Cette affirmation du message positif des autres religions monotheistes a ete repris tout au long de l'histoire de la pensee juive, par exemple au 19eme siecle, chez le Rav Samson bar Raphael Hirsch (19 Epitres sur le Judaisme, Neuvieme Epitre).

3. Quant au point de savoir si le christianisme peut encourager ses adherents a adopter un mode de vie plus moral, a eviter la debauche sexuelle ou a se soucier du bien-etre de son prochain, il me semble evident que la reponse ne peut etre que positive. Comme vous le remarquez justement, il suffit de regarder autour de soi.

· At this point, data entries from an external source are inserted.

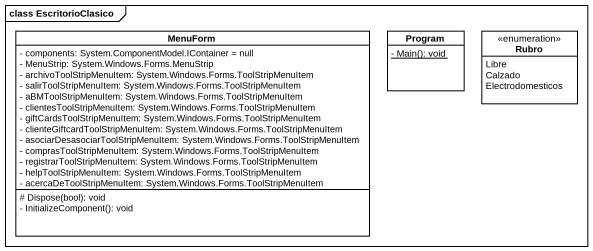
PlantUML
@startuml
mainframe class EscritorioClasico
hide circle
hide empty members
skinparam classAttributeIconSize 0
class MenuForm {
  - components: System.ComponentModel.IContainer = null
  - MenuStrip: System.Windows.Forms.MenuStrip
  - archivoToolStripMenuItem: System.Windows.Forms.ToolStripMenuItem
  - salirToolStripMenuItem: System.Windows.Forms.ToolStripMenuItem
  - aBMToolStripMenuItem: System.Windows.Forms.ToolStripMenuItem
  - clientesToolStripMenuItem: System.Windows.Forms.ToolStripMenuItem
  - giftCardsToolStripMenuItem: System.Windows.Forms.ToolStripMenuItem
  - clienteGiftcardToolStripMenuItem: System.Windows.Forms.ToolStripMenuItem
  - asociarDesasociarToolStripMenuItem: System.Windows.Forms.ToolStripMenuItem
  - comprasToolStripMenuItem: System.Windows.Forms.ToolStripMenuItem
  - registrarToolStripMenuItem: System.Windows.Forms.ToolStripMenuItem
  - helpToolStripMenuItem: System.Windows.Forms.ToolStripMenuItem
  - acercaDeToolStripMenuItem: System.Windows.Forms.ToolStripMenuItem
  # Dispose(bool): void
  - InitializeComponent(): void
}
class Program {
  {static} - Main(): void
}
enum Rubro {
  Libre
  Calzado
  Electrodomesticos
}
@enduml
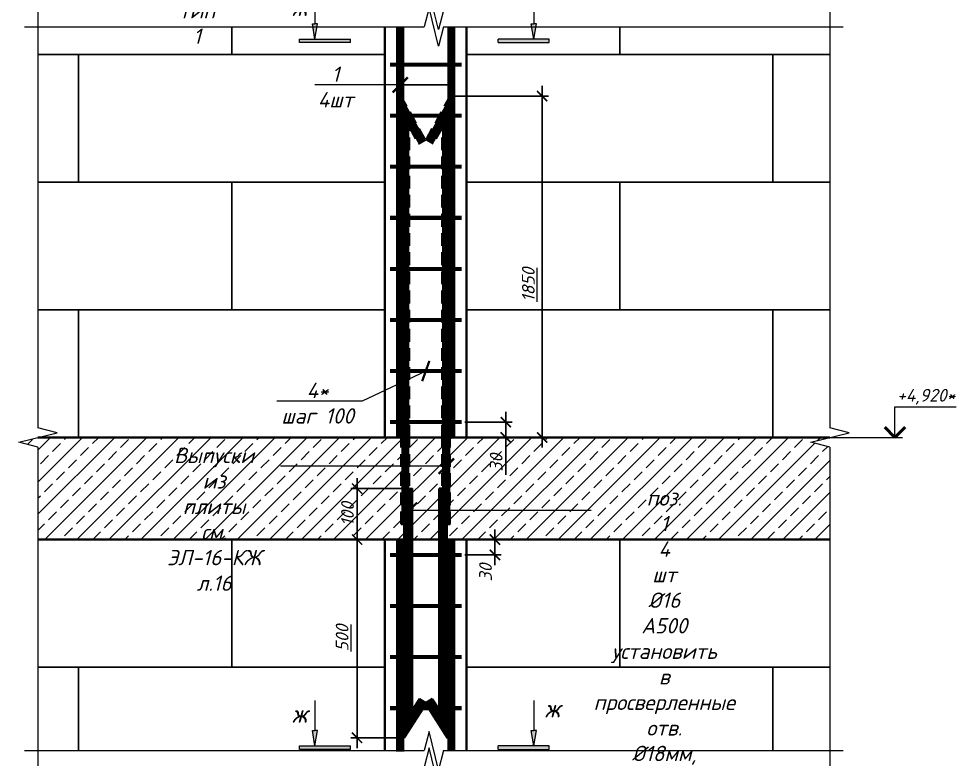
# Model space of a CAD drawing. Header units: millimetres. Extents: x -1807136 to 121189, y 23614 to 410608.
# Drawn here: x 20333 to 22169, y 33532 to 34982 of the extents above; entities that cross this region are included whole.
import ezdxf
from ezdxf import colors
from ezdxf.entities.mleader import LeaderData, LeaderLine
from ezdxf.enums import TextEntityAlignment as Align
from ezdxf.math import Vec2, Vec3

# ---------------------------------------------------------------- set-up
doc = ezdxf.new("R2010")
doc.units = ezdxf.units.MM
doc.header["$PDMODE"] = 3
doc.linetypes.add('DASHED2', pattern=[0.375, 0.25, -0.125])
doc.layers.get('0').update_dxf_attribs({"lineweight": 5})
doc.layers.get('Defpoints').update_dxf_attribs({"lineweight": 0})
for name, color, linetype, lineweight in [('#Dimensions', 7, 'Continuous', 9), ('#Арматура', 152, 'Continuous', 30), ('#Бетон разрез', 22, 'Continuous', 40), ('#Выноски', 7, 'Continuous', 15), ('#Газобетон вид', 150, 'Continuous', 18), ('#разм', 7, 'Continuous', 9), ('A-okno', 7, 'Continuous', 0), ('k_ Размеры', 7, 'Continuous', 15)]:
    doc.layers.add(name, color=color, linetype=linetype, lineweight=lineweight)
doc.layers.add('#Hatch', color=7, linetype='Continuous', lineweight=5, true_color=0x525252)
doc.layers.add('#Арматура вид_2', color=7, linetype='Continuous', lineweight=35, true_color=0x616161)
doc.styles.add('STEP PR', font='isocpeui.ttf')
doc.dimstyles.new('SPDS', dxfattribs={"dimscale": 10, "dimtxt": 2.5, "dimasz": 2, "dimexe": 1.25, "dimexo": 0.625, "dimtad": 1, "dimdec": 0, "dimrnd": 0.001, "dimtxsty": 'STEP PR', "dimblk": 'ARCHTICK', "dimcen": 2.5, "dimdle": 2, "dimclrd": 256, "dimclre": 256, "dimclrt": 7, "dimadec": 0, "dimazin": 2, "dimtfac": 0.75, "dimtdec": 0, "dimtmove": 1, "dimatfit": 3, "dimfxl": 1, "dimtolj": 1, "dimarcsym": 1})

# ---------------------------------------------------------------- blocks, each defined once
blk = doc.blocks.new('_ArchTick')
at = {"color": 0, "linetype": 'ByBlock', "const_width": 0.15}
blk.add_lwpolyline([(-0.5, -0.5), (0.5, 0.5)], dxfattribs=at)
blk = doc.blocks.new('*D323')
at = {"layer": '#Dimensions', "lineweight": -2, "transparency": 16777216}
for p, q in [((21358, 34850.1), (21358, 34141.8)), ((21184.4, 34830.1), (21370.5, 34830.1)), ((21216.4, 34161.8), (21370.5, 34161.8))]:
    blk.add_line(p, q, dxfattribs=at)
at = {"layer": 'Defpoints', "color": 0, "lineweight": 40, "transparency": 16777216}
for p in [(21178.1, 34830.1), (21210.1, 34161.8), (21358, 34161.8)]:
    blk.add_point(p, dxfattribs=at)
at = {"layer": '#Dimensions', "lineweight": -2, "transparency": 16777216, "xscale": 20, "yscale": 20, "zscale": 20}
for p, rotation in [((21358, 34830.1), 90), ((21358, 34161.8), 270)]:
    blk.add_blockref('_ArchTick', p, dxfattribs=dict(at, rotation=rotation))
at = {"layer": '#Dimensions', "transparency": 16777216, "insert": (21331, 34460.8), "char_height": 25, "attachment_point": 5, "rotation": 90, "style": 'STEP PR'}
blk.add_mtext('\\A1;\\L1850', dxfattribs=at)
blk = doc.blocks.new('*U402')
at = {"color": 0, "linetype": 'ByBlock', "lineweight": -2}
for p, q in [((55.213, 0), (55.525, 1.25)), ((55.525, 1.25), (56.15, -1.25)), ((55.213, 0), (0, 0)), ((56.15, -1.25), (56.463, 0)), ((111.676, 0), (56.463, 0))]:
    blk.add_line(p, q, dxfattribs=at)
blk = doc.blocks.new('*U385')
at = {"color": 0, "linetype": 'ByBlock', "lineweight": -2}
for p, q in [((55.213, 0), (55.525, 1.25)), ((55.525, 1.25), (56.15, -1.25)), ((55.213, 0), (0, 0)), ((56.15, -1.25), (56.463, 0)), ((111.676, 0), (56.463, 0))]:
    blk.add_line(p, q, dxfattribs=at)
blk = doc.blocks.new('*U107')
at = {"color": 0, "linetype": 'ByBlock', "lineweight": -2}
for p, q in [((26.107, 0), (26.419, 1.25)), ((26.419, 1.25), (27.044, -1.25)), ((26.107, 0), (0, 0)), ((27.044, -1.25), (27.357, 0)), ((53.463, 0), (27.357, 0))]:
    blk.add_line(p, q, dxfattribs=at)
blk = doc.blocks.new('*D400')
at = {"layer": 'Defpoints', "color": 0, "transparency": 16777216}
for p in [(21088.1, 33961.8), (20995.5, 33573.7), (21088.1, 33573.7)]:
    blk.add_point(p, dxfattribs=at)
at = {"layer": 'k_ Размеры', "lineweight": -2, "transparency": 16777216}
for p, q in [((20995.5, 33981.8), (20995.5, 33553.7)), ((21081.9, 33961.8), (20983, 33961.8)), ((21081.9, 33573.7), (20983, 33573.7))]:
    blk.add_line(p, q, dxfattribs=at)
at = {"layer": 'k_ Размеры', "lineweight": -2, "transparency": 16777216, "xscale": 20, "yscale": 20, "zscale": 20}
for p, rotation in [((20995.5, 33961.8), 90), ((20995.5, 33573.7), 270)]:
    blk.add_blockref('_ArchTick', p, dxfattribs=dict(at, rotation=rotation))
at = {"layer": 'k_ Размеры', "color": 7, "transparency": 16777216, "insert": (20966.2, 33769), "char_height": 25, "attachment_point": 5, "rotation": 90, "style": 'STEP PR'}
blk.add_mtext('\\A1;\\L500', dxfattribs=at)
blk = doc.blocks.new('*D401')
at = {"layer": 'Defpoints', "color": 0, "transparency": 16777216}
for p in [(20995.5, 34061.8), (21104.1, 34061.8), (21088.1, 33961.8)]:
    blk.add_point(p, dxfattribs=at)
at = {"layer": 'k_ Размеры', "lineweight": -2, "transparency": 16777216}
for p, q in [((20995.5, 33941.8), (20995.5, 34081.8)), ((21097.9, 34061.8), (20983, 34061.8)), ((21081.9, 33961.8), (20983, 33961.8))]:
    blk.add_line(p, q, dxfattribs=at)
at = {"layer": 'k_ Размеры', "lineweight": -2, "transparency": 16777216, "xscale": 20, "yscale": 20, "zscale": 20}
for p, rotation in [((20995.5, 34061.8), 90), ((20995.5, 33961.8), 270)]:
    blk.add_blockref('_ArchTick', p, dxfattribs=dict(at, rotation=rotation))
at = {"layer": 'k_ Размеры', "color": 7, "transparency": 16777216, "insert": (20976.7, 34011.8), "char_height": 25, "attachment_point": 5, "rotation": 90, "style": 'STEP PR'}
blk.add_mtext('\\A1;100', dxfattribs=at)
blk = doc.blocks.new('*D403')
at = {"layer": 'Defpoints', "color": 0, "transparency": 16777216}
for p in [(21200.1, 34191.8), (21200.1, 34161.8), (21286.8, 34161.8)]:
    blk.add_point(p, dxfattribs=at)
at = {"layer": 'k_ Размеры', "lineweight": -2, "transparency": 16777216}
for p, q in [((21286.8, 34211.8), (21286.8, 34141.8)), ((21206.4, 34191.8), (21299.3, 34191.8)), ((21206.4, 34161.8), (21299.3, 34161.8)), ((21286.8, 34088.6), (21286.8, 34161.8))]:
    blk.add_line(p, q, dxfattribs=at)
at = {"layer": 'k_ Размеры', "lineweight": -2, "transparency": 16777216, "xscale": 20, "yscale": 20, "zscale": 20}
for p, rotation in [((21286.8, 34191.8), 90), ((21286.8, 34161.8), 270)]:
    blk.add_blockref('_ArchTick', p, dxfattribs=dict(at, rotation=rotation))
at = {"layer": 'k_ Размеры', "color": 7, "transparency": 16777216, "insert": (21268, 34112.3), "char_height": 25, "attachment_point": 5, "rotation": 90, "style": 'STEP PR'}
blk.add_mtext('\\A1;30', dxfattribs=at)
blk = doc.blocks.new('*D405')
at = {"layer": 'Defpoints', "color": 0, "transparency": 16777216}
for p in [(21200.1, 33961.8), (21265.5, 33961.8), (21200.1, 33931.8)]:
    blk.add_point(p, dxfattribs=at)
at = {"layer": 'k_ Размеры', "lineweight": -2, "transparency": 16777216}
for p, q in [((21265.5, 33911.8), (21265.5, 33981.8)), ((21206.4, 33961.8), (21278, 33961.8)), ((21206.4, 33931.8), (21278, 33931.8))]:
    blk.add_line(p, q, dxfattribs=at)
at = {"layer": 'k_ Размеры', "lineweight": -2, "transparency": 16777216, "xscale": 20, "yscale": 20, "zscale": 20}
for p, rotation in [((21265.5, 33961.8), 90), ((21265.5, 33931.8), 270)]:
    blk.add_blockref('_ArchTick', p, dxfattribs=dict(at, rotation=rotation))
at = {"layer": 'k_ Размеры', "color": 7, "transparency": 16777216, "insert": (21247.2, 33897.3), "char_height": 25, "attachment_point": 5, "rotation": 90, "style": 'STEP PR'}
blk.add_mtext('\\A1;30', dxfattribs=at)
blk = doc.blocks.new('*U96')
at = {"layer": '#разм', "ltscale": 100, "elevation": 0}
for points in [[(4577173, -920400), (4578375, -920400)], [(4577173, -921000), (4577173, -920400)], [(4575899, -921000), (4577323, -921000)]]:
    blk.add_lwpolyline(points, dxfattribs=at)
at = {"layer": 'A-okno', "color": 0, "lineweight": 50, "ltscale": 100, "elevation": 0}
for points in [[(4577173, -921000), (4576973, -920800)], [(4577173, -921000), (4577373, -920800)]]:
    blk.add_lwpolyline(points, dxfattribs=at)
at = {"layer": '#разм', "style": 'STEP PR'}
for tag, p in [('ОТМЕТКА', (4577216, -920299)), ('ПРИМЕЧАНИЕ', (4577314, -920711))]:
    blk.add_attdef(tag, p, '', height=250, dxfattribs=at)
blk = doc.blocks.new('*U481')
at = {"ltscale": 100}
h = blk.add_hatch(color=256, dxfattribs=at)
h.dxf.hatch_style = 1
h.paths.add_polyline_path([(1415, 1070), (1365, 1070), (1315, 1070), (1365, 770)])
h = blk.add_hatch(color=256, dxfattribs=at)
h.dxf.hatch_style = 1
h.paths.add_polyline_path([(1665, 700), (1665, 770), (665, 770), (665, 700)])
at = {"linetype": 'Continuous', "ltscale": 100}
for p, q in [((1365, 770), (1315, 1070)), ((1315, 1070), (1365, 1070)), ((1415, 1070), (1365, 1070)), ((1365, 770), (1415, 1070)), ((1665, 770), (665, 770)), ((1665, 700), (1665, 770)), ((665, 700), (1665, 700))]:
    blk.add_line(p, q, dxfattribs=at)
at = {"linetype": 'Continuous', "ltscale": 100, "extrusion": (1, -1e-16, 0), "elevation": 1365}
blk.add_lwpolyline([(1660, 0), (1070, 0)], dxfattribs=at)
at = {"linetype": 'Continuous', "ltscale": 100}
blk.add_lwpolyline([(665, 700), (665, 770)], dxfattribs=at)
at = {"ltscale": 100, "style": 'STEP PR'}
blk.add_attdef('Nh', text='', height=350, dxfattribs=at).set_placement((1799, 1222), align=Align.RIGHT)
blk = doc.blocks.new('*U104')
at = {"ltscale": 100}
h = blk.add_hatch(color=256, dxfattribs=at)
h.dxf.hatch_style = 1
h.paths.add_polyline_path([(-85, 1070), (-35, 1070), (15, 1070), (-35, 770)])
h = blk.add_hatch(color=256, dxfattribs=at)
h.dxf.hatch_style = 1
h.paths.add_polyline_path([(665, 700), (665, 770), (-335, 770), (-335, 700)])
at = {"linetype": 'Continuous', "ltscale": 100}
for p, q in [((-85, 1070), (-35, 1070)), ((-35, 770), (-85, 1070)), ((-35, 770), (15, 1070)), ((15, 1070), (-35, 1070)), ((-335, 700), (-335, 770)), ((-335, 770), (665, 770)), ((665, 700), (-335, 700))]:
    blk.add_line(p, q, dxfattribs=at)
at = {"linetype": 'Continuous', "ltscale": 100, "extrusion": (-1, -1e-16, 0), "elevation": 35}
blk.add_lwpolyline([(-1660, 0), (-1070, 0)], dxfattribs=at)
at = {"linetype": 'Continuous', "ltscale": 100}
blk.add_lwpolyline([(665, 700), (665, 770)], dxfattribs=at)
at = {"ltscale": 100, "style": 'STEP PR'}
blk.add_attdef('Nh', text='', height=350, dxfattribs=at).set_placement((-192, 1222), align=Align.RIGHT)

msp = doc.modelspace()

# ---------------------------------------------------------------- hatches: boundary and pattern name
at = {"layer": '#Hatch'}
h = msp.add_hatch(dxfattribs=at)
h.set_pattern_fill('ANSI33', color=256, scale=7, style=0)
h.paths.add_polyline_path([(21921.7, 34143), (21884.2, 34152.4), (21921.7, 34161.8), (20370.3, 34161.8), (20332.8, 34152.4), (20370.3, 34143), (20370.3, 33961.8), (20750.1, 33961.8), (21050.1, 33961.8), (21921.7, 33961.8)])

# ---------------------------------------------------------------- linework, layer by layer
at = {"layer": '#Арматура'}
for points, const_width in [([(21080.1, 34965.4), (21080.1, 34159.4)], 16), ([(21180.1, 34965.4), (21180.1, 34161.8)], 16), ([(21200.1, 34891.8), (21060.1, 34891.8)], 8), ([(21200.1, 34791.8), (21060.1, 34791.8)], 8), ([(21200.1, 34691.8), (21060.1, 34691.8)], 8), ([(21200.1, 34591.8), (21060.1, 34591.8)], 8), ([(21200.1, 34491.8), (21060.1, 34491.8)], 8), ([(21200.1, 34391.8), (21060.1, 34391.8)], 8), ([(21200.1, 34291.8), (21060.1, 34291.8)], 8), ([(21200.1, 34191.8), (21060.1, 34191.8)], 8), ([(21080.1, 33961.8), (21080.1, 33546.5)], 16), ([(21180.1, 33961.8), (21180.1, 33548.8)], 16), ([(21200.1, 33931.8), (21060.1, 33931.8)], 8), ([(21200.1, 33831.8), (21060.1, 33831.8)], 8), ([(21200.1, 33731.8), (21060.1, 33731.8)], 8), ([(21200.1, 33631.8), (21060.1, 33631.8)], 8)]:
    msp.add_lwpolyline(points, dxfattribs=dict(at, const_width=const_width))
at = {"layer": '#Арматура', "linetype": 'DASHED2', "ltscale": 100}
for points in [[(21098.1, 34161.8), (21098.1, 34768.3), (21115.6, 34736.9), (21129.6, 34744.6), (21082.1, 34830.1), (21082.1, 34161.8)], [(21162.1, 34161.8), (21162.1, 34768.3), (21144.7, 34736.9), (21130.7, 34744.6), (21178.1, 34830.1), (21178.1, 34161.8)]]:
    msp.add_lwpolyline(points, close=True, dxfattribs=at)
for points in [[(21082.1, 33991.8), (21082.1, 34161.8)], [(21098.1, 33991.8), (21098.1, 34161.8)], [(21162.1, 33991.8), (21162.1, 34161.8)], [(21178.1, 33991.8), (21178.1, 34161.8)], [(21082.1, 33991.8), (21098.1, 33991.8)], [(21162.1, 33991.8), (21178.1, 33991.8)], [(21178.1, 33991.8), (21162.1, 33991.8)]]:
    msp.add_lwpolyline(points, dxfattribs=at)
at = {"layer": '#Арматура', "ltscale": 100}
for points in [[(21088.1, 34061.8), (21104.1, 34061.8)], [(21131.2, 33641.7), (21088.1, 33573.7), (21088.1, 34061.8)], [(21117.6, 33650.3), (21104.1, 33628.9), (21104.1, 34061.8)], [(21129.1, 33641.7), (21172.1, 33573.7), (21172.1, 34061.8)], [(21142.6, 33650.3), (21156.1, 33628.9), (21156.1, 34061.8)], [(21172.1, 34061.8), (21156.1, 34061.8)], [(21117.6, 33650.3), (21131.2, 33641.7)], [(21142.6, 33650.3), (21129.1, 33641.7)]]:
    msp.add_lwpolyline(points, dxfattribs=at)
at = {"layer": '#Арматура вид_2', "linetype": 'DASHED2', "ltscale": 100, "const_width": 16}
for points in [[(21090.1, 33991.8), (21090.1, 34799.2), (21122.6, 34740.8)], [(21170.1, 33991.8), (21170.1, 34799.2), (21137.7, 34740.8)]]:
    msp.add_lwpolyline(points, dxfattribs=at)
at = {"layer": '#Арматура вид_2', "ltscale": 100, "const_width": 16}
for points in [[(21124.4, 33646), (21096.1, 33601.3), (21096.1, 34061.8)], [(21135.9, 33646), (21164.1, 33601.3), (21164.1, 34061.8)]]:
    msp.add_lwpolyline(points, dxfattribs=at)
at = {"layer": '#Бетон разрез'}
for points in [[(21050.1, 34965.4), (21050.1, 34161.8)], [(21210.1, 34965.4), (21210.1, 34161.8)], [(20370.3, 34161.8), (21921.7, 34161.8)], [(21050.1, 34161.8), (21210.1, 34161.8)], [(20370.3, 33961.8), (21921.7, 33961.8)], [(21050.1, 33961.8), (21050.1, 33548.8)], [(21210.1, 33961.8), (21210.1, 33548.8)]]:
    msp.add_lwpolyline(points, dxfattribs=at)
at = {"layer": '#Газобетон вид'}
for points in [[(20370.3, 34911.8), (20750.1, 34911.8), (20750.1, 34965.4)], [(20750.1, 34965.4), (20750.1, 34911.8), (21050.1, 34911.8)], [(21510.1, 34965.4), (21510.1, 34911.8), (21210.1, 34911.8)], [(21921.7, 34911.8), (21510.1, 34911.8), (21510.1, 34965.4)], [(20370.3, 34661.8), (20450.1, 34661.8), (20450.1, 34911.8), (20370.3, 34911.8)], [(21921.7, 34661.8), (21810.1, 34661.8), (21810.1, 34911.8), (21921.7, 34911.8)], [(20370.3, 34411.8), (20750.1, 34411.8), (20750.1, 34661.8), (20370.3, 34661.8)], [(21050.1, 34661.8), (20750.1, 34661.8), (20750.1, 34411.8), (21050.1, 34411.8)], [(21210.1, 34661.8), (21510.1, 34661.8), (21510.1, 34411.8), (21210.1, 34411.8)], [(21921.7, 34411.8), (21510.1, 34411.8), (21510.1, 34661.8), (21921.7, 34661.8)], [(20370.3, 34161.8), (20450.1, 34161.8), (20450.1, 34411.8), (20370.3, 34411.8)], [(21911.2, 34161.8), (21810.1, 34161.8), (21810.1, 34411.8), (21921.7, 34411.8)], [(20370.3, 34161.8), (21921.7, 34161.8)], [(20370.3, 33711.8), (20750.1, 33711.8), (20750.1, 33961.8), (20370.3, 33961.8)], [(21050.1, 33961.8), (20750.1, 33961.8), (20750.1, 33711.8), (21050.1, 33711.8)], [(21210.1, 33961.8), (21510.1, 33961.8), (21510.1, 33711.8), (21210.1, 33711.8)], [(21921.7, 33711.8), (21510.1, 33711.8), (21510.1, 33961.8), (21921.7, 33961.8)], [(20450.1, 33548.8), (20450.1, 33711.8), (20370.3, 33711.8)], [(21050.1, 33548.8), (21050.1, 33711.8), (20450.1, 33711.8), (20450.1, 33548.8)], [(21210.1, 33548.8), (21210.1, 33711.8), (21810.1, 33711.8), (21810.1, 33548.8)], [(21810.1, 33548.8), (21810.1, 33711.8), (21921.7, 33711.8)]]:
    msp.add_lwpolyline(points, dxfattribs=at)
for points in [[(20450.1, 34661.8), (21050.1, 34661.8), (21050.1, 34911.8), (20450.1, 34911.8)], [(21810.1, 34661.8), (21210.1, 34661.8), (21210.1, 34911.8), (21810.1, 34911.8)], [(20450.1, 34161.8), (21050.1, 34161.8), (21050.1, 34411.8), (20450.1, 34411.8)], [(21810.1, 34161.8), (21210.1, 34161.8), (21210.1, 34411.8), (21810.1, 34411.8)]]:
    msp.add_lwpolyline(points, close=True, dxfattribs=at)

# ---------------------------------------------------------------- block references
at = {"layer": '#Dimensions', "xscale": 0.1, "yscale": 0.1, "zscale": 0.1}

4. Finalement, j'en viens a votre interrogation sur la Hacha'ha pratit. Etant donne que l'idee de la Providence divine a ete concue de maniere assez divergente selon les differentes autorites, une fois encore, il est malaise de repondre simplement par oui ou non. Mais si l'on affirme parfois, comme le fait par exemple le Baal Chem Tov (le fondateur du 'hassidisme) "qu'aucune feuille ne tombe sans que D.ieu ne l'ait decide", alors on verrait mal pourquoi les non Juifs seraient exclus de la Providence divine. Pour la realite des experiences mystiques, je suis incapable de vous repondre, mais je me contenterai de rappeler que selon nos Sages les Nations du monde ont eu un prophete equivalent a Moshe Rabbeinou en la personne de Bil'am. De cela decoule, donc, que l`experience de la transcendance n`est pas reservee exclusivement aux juifs.